How wellness has changed for me: I got to celebrate my 25th sobriety birthday this week. Through recovery, as the years go by, you gain perspective. One of the great gifts is your ability to see the world, yourself, and the things you need to work on. If you’re doing it right, living a true, authentic life is work that never ends. You’re either doing that or you’re not aware and not present in your own life. There are only two ways to be.
My biggest wellness struggle is: Balance in everything. [Laying off exercise is] one of them. It’s the alcohol addict in me. And also realizing that, not kidding, you don’t need to have 12 shots of espresso a day, every day. You do not need to write two books, star in two TV shows on two different networks, launch a skin-care line, have a Comedy Central series, and figure out what the next thing is.
How I eat when I’m alone: It depends if I’m good Rob Lowe or bad Rob Lowe. If I’m good, it’s no carbs and no sugar. Bad Rob Lowe is a Johnny’s pizza followed by a chocolate egg cream. Bad Rob Lowe fucking goes for it. But again, [balance is] my problem. I’m all-in all the time, which is really, really good.
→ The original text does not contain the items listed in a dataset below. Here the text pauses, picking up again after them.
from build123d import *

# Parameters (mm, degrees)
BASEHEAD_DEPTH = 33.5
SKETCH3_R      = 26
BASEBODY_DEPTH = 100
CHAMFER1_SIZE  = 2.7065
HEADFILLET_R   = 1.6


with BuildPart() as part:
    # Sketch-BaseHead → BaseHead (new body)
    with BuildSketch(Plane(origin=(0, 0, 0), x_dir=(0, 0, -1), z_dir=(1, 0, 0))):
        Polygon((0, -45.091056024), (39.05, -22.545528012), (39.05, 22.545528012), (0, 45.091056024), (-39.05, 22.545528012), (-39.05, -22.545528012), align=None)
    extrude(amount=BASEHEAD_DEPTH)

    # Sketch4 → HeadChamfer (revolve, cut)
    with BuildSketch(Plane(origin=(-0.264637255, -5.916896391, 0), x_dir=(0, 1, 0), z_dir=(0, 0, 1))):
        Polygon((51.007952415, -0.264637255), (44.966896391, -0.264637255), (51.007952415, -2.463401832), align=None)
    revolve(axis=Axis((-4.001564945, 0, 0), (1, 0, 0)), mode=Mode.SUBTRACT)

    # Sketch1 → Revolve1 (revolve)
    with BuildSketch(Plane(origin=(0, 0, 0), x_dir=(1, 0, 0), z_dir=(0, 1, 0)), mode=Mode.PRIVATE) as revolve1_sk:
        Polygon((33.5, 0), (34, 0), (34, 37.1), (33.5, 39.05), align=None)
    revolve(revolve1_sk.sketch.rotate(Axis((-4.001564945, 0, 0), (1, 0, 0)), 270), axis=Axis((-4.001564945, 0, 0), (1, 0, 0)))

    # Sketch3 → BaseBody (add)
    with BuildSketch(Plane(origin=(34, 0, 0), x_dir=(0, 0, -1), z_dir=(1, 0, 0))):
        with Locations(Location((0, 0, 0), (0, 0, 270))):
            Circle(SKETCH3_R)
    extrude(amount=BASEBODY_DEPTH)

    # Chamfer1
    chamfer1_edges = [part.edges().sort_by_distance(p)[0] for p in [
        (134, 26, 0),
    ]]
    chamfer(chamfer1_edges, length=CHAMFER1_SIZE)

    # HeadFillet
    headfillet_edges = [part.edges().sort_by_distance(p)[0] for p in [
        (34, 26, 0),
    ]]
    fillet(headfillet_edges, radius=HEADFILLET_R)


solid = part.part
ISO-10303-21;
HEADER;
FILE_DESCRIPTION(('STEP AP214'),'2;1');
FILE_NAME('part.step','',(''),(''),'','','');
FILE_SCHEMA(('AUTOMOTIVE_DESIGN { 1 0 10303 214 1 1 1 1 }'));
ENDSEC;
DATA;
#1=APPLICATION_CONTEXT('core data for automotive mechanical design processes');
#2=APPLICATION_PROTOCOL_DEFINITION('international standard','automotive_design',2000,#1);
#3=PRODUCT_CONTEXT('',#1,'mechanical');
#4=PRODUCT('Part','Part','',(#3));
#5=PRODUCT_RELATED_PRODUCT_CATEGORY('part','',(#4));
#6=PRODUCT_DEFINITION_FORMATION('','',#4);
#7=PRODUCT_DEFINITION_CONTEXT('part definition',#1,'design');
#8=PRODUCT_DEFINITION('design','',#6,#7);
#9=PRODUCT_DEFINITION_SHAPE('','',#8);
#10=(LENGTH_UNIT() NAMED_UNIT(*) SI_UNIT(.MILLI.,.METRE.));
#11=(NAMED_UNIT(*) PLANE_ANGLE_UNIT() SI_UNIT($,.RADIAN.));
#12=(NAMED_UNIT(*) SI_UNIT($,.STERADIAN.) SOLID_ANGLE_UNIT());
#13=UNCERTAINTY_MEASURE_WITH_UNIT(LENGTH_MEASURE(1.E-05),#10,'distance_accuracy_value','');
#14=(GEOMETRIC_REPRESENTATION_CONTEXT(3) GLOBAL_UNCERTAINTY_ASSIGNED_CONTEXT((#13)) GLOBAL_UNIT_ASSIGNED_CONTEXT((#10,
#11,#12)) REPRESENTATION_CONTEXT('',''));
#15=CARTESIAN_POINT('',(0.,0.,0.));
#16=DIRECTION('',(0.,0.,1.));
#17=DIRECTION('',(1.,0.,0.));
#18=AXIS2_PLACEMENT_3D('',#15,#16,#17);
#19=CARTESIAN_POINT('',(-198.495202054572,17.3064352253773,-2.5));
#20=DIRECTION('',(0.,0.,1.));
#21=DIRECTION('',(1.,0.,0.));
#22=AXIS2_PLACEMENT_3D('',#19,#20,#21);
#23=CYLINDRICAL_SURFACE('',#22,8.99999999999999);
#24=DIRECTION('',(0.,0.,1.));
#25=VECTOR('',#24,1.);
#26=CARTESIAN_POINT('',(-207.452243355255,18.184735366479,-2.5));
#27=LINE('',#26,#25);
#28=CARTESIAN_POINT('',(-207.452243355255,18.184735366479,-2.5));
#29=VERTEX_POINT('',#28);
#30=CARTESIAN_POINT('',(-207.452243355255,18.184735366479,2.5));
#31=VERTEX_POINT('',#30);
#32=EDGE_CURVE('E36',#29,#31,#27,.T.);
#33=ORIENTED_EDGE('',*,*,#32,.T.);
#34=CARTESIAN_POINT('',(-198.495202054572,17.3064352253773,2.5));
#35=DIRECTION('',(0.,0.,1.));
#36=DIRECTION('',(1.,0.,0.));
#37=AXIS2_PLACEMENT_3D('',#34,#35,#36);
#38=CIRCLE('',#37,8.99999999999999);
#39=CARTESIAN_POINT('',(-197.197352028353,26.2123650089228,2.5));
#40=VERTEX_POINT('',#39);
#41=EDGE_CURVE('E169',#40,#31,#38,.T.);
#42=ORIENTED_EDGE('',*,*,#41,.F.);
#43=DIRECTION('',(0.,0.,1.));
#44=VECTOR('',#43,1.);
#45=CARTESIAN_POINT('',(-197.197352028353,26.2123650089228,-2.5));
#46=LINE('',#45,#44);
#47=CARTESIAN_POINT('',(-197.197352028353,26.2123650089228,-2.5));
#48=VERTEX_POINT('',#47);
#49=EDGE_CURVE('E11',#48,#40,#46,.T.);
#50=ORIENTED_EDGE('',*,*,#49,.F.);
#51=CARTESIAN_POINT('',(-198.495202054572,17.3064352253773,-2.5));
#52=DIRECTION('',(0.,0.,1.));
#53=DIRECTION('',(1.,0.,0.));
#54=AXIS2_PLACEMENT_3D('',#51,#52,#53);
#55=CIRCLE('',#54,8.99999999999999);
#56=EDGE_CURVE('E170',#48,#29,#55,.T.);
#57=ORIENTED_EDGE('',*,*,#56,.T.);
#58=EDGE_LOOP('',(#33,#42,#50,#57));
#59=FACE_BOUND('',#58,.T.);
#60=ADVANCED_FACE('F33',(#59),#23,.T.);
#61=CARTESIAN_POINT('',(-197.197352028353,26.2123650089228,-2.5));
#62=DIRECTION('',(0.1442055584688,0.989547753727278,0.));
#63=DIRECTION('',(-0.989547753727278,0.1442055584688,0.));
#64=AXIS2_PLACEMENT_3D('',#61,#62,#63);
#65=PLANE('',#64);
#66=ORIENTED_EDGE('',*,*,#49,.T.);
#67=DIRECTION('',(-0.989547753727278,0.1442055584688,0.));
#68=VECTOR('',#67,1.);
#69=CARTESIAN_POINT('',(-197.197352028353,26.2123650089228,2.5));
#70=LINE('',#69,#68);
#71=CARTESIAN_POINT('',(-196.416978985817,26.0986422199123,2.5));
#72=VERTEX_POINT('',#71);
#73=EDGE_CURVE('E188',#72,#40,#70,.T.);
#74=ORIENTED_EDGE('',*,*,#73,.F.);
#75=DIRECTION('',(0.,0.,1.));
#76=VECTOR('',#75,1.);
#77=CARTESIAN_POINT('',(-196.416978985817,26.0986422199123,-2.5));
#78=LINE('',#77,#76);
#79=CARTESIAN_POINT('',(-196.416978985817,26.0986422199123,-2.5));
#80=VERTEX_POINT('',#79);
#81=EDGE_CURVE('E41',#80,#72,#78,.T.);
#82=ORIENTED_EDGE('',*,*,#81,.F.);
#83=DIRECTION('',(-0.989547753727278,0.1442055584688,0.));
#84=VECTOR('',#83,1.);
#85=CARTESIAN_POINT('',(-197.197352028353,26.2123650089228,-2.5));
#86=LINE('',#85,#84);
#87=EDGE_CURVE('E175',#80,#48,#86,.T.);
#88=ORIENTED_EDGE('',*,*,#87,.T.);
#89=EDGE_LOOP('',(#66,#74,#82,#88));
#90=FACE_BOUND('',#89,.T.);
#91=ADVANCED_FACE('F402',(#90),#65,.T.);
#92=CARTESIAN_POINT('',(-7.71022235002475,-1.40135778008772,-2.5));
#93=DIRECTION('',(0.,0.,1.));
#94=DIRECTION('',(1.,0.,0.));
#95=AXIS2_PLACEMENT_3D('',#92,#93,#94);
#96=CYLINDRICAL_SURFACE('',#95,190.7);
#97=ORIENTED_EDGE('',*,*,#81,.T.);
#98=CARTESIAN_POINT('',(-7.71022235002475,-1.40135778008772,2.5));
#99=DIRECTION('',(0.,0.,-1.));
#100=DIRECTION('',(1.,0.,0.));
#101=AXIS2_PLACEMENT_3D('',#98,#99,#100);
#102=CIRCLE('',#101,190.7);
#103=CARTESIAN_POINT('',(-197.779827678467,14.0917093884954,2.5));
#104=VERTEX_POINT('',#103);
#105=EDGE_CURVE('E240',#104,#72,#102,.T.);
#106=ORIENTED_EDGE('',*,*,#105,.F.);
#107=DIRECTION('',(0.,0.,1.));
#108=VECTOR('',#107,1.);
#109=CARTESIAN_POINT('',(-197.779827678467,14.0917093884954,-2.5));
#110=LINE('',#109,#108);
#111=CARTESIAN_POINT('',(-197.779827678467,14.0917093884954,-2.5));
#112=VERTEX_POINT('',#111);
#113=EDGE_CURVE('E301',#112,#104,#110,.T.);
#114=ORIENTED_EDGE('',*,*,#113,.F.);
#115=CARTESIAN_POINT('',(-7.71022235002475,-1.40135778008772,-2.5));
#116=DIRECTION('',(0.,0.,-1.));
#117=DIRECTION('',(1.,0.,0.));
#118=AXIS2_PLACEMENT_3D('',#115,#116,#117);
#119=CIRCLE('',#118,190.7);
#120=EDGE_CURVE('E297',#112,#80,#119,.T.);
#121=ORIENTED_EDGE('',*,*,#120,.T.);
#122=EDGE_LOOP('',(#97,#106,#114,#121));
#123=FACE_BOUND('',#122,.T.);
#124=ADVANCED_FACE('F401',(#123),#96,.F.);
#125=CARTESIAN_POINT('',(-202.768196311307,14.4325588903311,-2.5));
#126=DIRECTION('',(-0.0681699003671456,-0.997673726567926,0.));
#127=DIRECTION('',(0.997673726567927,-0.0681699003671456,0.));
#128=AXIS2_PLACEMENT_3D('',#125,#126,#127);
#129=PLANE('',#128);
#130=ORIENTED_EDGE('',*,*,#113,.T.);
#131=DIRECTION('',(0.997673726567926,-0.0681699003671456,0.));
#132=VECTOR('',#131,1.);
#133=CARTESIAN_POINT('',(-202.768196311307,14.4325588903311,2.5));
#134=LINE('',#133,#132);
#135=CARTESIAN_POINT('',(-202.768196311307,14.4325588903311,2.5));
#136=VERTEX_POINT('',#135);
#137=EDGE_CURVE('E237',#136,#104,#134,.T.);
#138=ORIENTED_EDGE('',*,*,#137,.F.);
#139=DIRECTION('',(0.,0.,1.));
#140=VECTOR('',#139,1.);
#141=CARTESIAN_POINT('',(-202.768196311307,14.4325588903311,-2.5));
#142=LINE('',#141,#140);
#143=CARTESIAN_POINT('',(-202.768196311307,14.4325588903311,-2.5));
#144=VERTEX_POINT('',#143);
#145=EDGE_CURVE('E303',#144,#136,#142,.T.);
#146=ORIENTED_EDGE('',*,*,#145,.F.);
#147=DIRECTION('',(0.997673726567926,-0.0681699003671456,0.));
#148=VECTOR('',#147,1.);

It’s why I can do the things that I’ve been able to do, but it can also be a challenge.
How I end my day: If I could sleep in a coffin, I would. I want silence, I want darkness, and I really enjoy the process of falling asleep. I read somewhere that Alexander the Great used to get his battle plans in that weird nether region of being half-asleep and half-awake. I think that’s an important state, especially for creative people. I want that process of consciousness to make great ideas. If sleep were an Olympic sport, I would be Michael Phelps. I think that most guys feel like there’s a badge of honor in “I got five hours of sleep last night.” That’s kind of gnarly, I get it, but sleep is really undervalued.
My wellness advice is: It’s no one’s life but yours and you have to take ownership of it. You have to be aware of your decisions. If you don’t actively choose to do it and to do good things, how can you expect good things to ever happen to you?
On dadbod: I’m obsessed with this fucking thing. Did you know that I tweeted about it two weeks ago? I put it out there to my millions of followers: Be honest with me: Do I have a dadbod? I just need to know. Because I’m not really sure what it means yet and I need to find out. They said absolutely not, although some wonderful internet sleuths found a photo of me when I was not at my finest and said, yeah, you have a dadbod. I am a dad and I have a bod. So by definition, I have a dadbod.
I’m not pro or con [dadbod], but it’s great that it is a real thing. My understanding of it is [that dadbod] guys are semi-jacked but have neglected this [points to decidedly anti-dadbod stomach], is that right? My new favorite term … are you ready for this? Skinny-fat. It’s a great one. Because it’s people who look skinny but aren’t, right? I think it’s time to start objectifying men. I think it’s time.
This interview has been condensed and edited.